___ EXERCISE DATA

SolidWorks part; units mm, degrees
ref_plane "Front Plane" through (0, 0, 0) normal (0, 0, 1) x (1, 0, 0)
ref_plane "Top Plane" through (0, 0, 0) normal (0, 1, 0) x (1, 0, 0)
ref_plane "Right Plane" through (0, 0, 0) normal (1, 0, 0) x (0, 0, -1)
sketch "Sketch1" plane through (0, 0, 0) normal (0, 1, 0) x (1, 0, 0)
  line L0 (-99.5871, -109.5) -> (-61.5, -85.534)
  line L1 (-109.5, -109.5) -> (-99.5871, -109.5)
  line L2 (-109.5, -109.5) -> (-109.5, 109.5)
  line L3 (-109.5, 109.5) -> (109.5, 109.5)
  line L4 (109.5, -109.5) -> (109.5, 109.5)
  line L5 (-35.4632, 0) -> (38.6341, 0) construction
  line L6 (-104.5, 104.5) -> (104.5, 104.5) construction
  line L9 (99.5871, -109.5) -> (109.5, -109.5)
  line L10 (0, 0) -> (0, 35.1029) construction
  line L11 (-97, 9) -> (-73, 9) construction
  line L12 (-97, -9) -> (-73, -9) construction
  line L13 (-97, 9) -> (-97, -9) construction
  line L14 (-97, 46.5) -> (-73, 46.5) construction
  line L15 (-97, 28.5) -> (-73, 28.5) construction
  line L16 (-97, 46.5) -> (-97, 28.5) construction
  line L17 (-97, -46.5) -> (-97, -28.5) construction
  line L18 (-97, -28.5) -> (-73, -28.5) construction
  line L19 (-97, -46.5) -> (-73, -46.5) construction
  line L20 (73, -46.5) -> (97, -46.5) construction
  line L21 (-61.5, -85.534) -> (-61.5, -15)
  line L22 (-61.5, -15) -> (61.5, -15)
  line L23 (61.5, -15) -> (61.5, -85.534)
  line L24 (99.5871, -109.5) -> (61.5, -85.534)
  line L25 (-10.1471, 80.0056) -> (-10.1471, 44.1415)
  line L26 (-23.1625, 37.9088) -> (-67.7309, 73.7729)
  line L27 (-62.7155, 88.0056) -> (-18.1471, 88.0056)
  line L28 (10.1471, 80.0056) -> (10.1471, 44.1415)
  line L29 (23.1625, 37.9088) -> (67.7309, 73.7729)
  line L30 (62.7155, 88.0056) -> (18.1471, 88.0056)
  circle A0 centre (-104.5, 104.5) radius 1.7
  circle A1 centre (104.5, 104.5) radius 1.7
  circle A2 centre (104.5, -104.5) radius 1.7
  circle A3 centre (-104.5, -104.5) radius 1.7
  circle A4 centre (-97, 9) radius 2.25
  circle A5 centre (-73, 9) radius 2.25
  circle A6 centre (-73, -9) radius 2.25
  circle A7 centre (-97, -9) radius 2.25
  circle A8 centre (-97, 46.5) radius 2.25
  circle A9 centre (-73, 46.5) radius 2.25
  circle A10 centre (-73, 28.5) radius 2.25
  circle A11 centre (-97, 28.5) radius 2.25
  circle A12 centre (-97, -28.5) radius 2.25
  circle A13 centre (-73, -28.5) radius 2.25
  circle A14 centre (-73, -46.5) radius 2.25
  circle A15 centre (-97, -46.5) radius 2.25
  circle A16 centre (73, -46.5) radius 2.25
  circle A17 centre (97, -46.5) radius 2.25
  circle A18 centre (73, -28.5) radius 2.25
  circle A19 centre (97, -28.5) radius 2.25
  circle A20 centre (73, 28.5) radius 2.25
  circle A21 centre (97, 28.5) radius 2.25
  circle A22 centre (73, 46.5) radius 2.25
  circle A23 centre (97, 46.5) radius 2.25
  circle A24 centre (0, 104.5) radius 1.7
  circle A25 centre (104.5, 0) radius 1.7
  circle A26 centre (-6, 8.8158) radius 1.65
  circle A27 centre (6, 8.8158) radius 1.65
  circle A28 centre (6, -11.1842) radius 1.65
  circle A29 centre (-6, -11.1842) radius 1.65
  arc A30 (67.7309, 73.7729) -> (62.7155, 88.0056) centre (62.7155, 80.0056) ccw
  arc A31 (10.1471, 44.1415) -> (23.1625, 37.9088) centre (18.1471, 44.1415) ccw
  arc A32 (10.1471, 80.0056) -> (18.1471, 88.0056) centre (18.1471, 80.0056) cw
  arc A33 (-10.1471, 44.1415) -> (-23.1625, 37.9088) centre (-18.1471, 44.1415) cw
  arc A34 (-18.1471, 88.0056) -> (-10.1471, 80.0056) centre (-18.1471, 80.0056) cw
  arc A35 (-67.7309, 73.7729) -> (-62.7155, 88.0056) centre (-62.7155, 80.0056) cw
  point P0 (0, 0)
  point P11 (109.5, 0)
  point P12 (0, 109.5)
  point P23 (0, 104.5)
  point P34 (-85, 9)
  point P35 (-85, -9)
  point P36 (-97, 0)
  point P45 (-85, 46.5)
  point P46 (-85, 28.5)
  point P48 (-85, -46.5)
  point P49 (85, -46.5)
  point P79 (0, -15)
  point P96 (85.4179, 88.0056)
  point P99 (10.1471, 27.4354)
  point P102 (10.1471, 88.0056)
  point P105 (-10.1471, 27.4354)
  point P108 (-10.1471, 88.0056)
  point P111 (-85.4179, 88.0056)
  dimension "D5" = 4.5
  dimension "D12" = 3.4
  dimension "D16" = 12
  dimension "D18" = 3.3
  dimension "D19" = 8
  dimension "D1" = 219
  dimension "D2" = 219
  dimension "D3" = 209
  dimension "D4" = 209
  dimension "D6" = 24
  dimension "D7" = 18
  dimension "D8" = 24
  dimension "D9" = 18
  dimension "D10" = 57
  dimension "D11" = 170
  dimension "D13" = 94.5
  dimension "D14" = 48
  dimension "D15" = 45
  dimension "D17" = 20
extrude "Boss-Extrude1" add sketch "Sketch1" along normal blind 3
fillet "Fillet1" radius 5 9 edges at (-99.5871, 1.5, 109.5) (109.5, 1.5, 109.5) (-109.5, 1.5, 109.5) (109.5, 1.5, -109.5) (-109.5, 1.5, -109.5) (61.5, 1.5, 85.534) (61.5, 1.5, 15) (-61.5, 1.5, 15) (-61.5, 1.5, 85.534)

______

■ **TASK**
When a line in the data contains the string "sketch", copy that line.

■ **YOUR SOLUTION**
sketch "Sketch1" plane through (0, 0, 0) normal (0, 1, 0) x (1, 0, 0)
extrude "Boss-Extrude1" add sketch "Sketch1" along normal blind 3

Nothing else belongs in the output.